▸ Aim of the task
Find how many lines in the entries below carry the word "Angle" and answer with only that figure.

▸ The records

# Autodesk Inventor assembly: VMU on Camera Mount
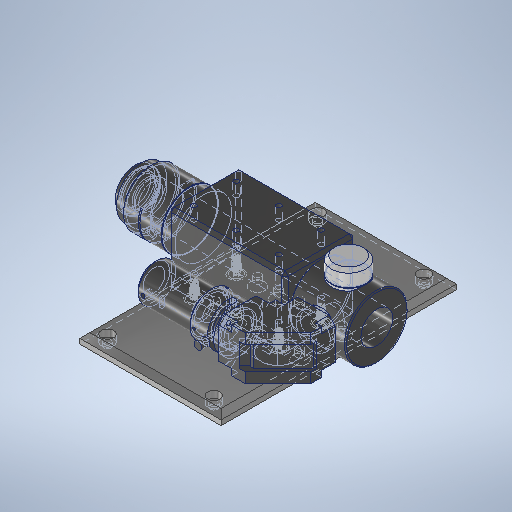
[picture p0: Inventor's stored thumbnail of the model, 512x512]
Saved by Autodesk Inventor 2025 (Build 290162000, 162)
## iProperties
Created: 2024-08-16
Part Number: VMU on Camera Mount
Document SubType Name: Assembly
Designer: Caleb Fangmeier
Author: Caleb Fangmeier
## Documents named in this file (4)
- C:\Users\cfang\Desktop\nebraska-silicon-lab\Hardware\General Gantry\Camera Mount\VMU on Camera Mount.iam
- C:\Users\cfang\Desktop\nebraska-silicon-lab\Hardware\General Gantry\Camera Mount\Mounting Plate.ipt
- C:\Users\cfang\Desktop\nebraska-silicon-lab\Hardware\General Gantry\Camera Mount\step_63024\step_63024.ipt
- C:\Users\cfang\Desktop\nebraska-silicon-lab\Hardware\General Gantry\Camera Mount\92010A220_Passivated 18-8 Stainless Steel Phillips Flat Head Screw\92010A220_Passivated 18-8 Stainless Steel Phillips Flat Head S.ipt
## Components (6 placed, 3 different names)
1. Mounting Plate:1 — Mate:1, Angle:1, Insert:1, Insert:2, Insert:3, Insert:4, Insert:5
2. step_63024:1 — Mate:1, Angle:1, Insert:1
3. 92010A220_Passivated 18-8 Stainless Steel Phillips Flat Head S:1 — Insert:4
4. 92010A220_Passivated 18-8 Stainless Steel Phillips Flat Head S:2 — Insert:5
5. 92010A220_Passivated 18-8 Stainless Steel Phillips Flat Head S:3 — Insert:2
6. 92010A220_Passivated 18-8 Stainless Steel Phillips Flat Head S:4 — Insert:3
## Relationships (7: Insert 5, Mate 1, Angle 1)
- Mate:1: Mounting Plate:1 ↔ step_63024:1
- Angle:1 (0 deg): Mounting Plate:1 ↔ step_63024:1
- Insert:1: Mounting Plate:1 ↔ step_63024:1
- Insert:2: Mounting Plate:1 ↔ 92010A220_Passivated 18-8 Stainless Steel Phillips Flat Head S:3
- Insert:3: Mounting Plate:1 ↔ 92010A220_Passivated 18-8 Stainless Steel Phillips Flat Head S:4
- Insert:4: Mounting Plate:1 ↔ 92010A220_Passivated 18-8 Stainless Steel Phillips Flat Head S:1
- Insert:5: Mounting Plate:1 ↔ 92010A220_Passivated 18-8 Stainless Steel Phillips Flat Head S:2

▸ Exercise result
4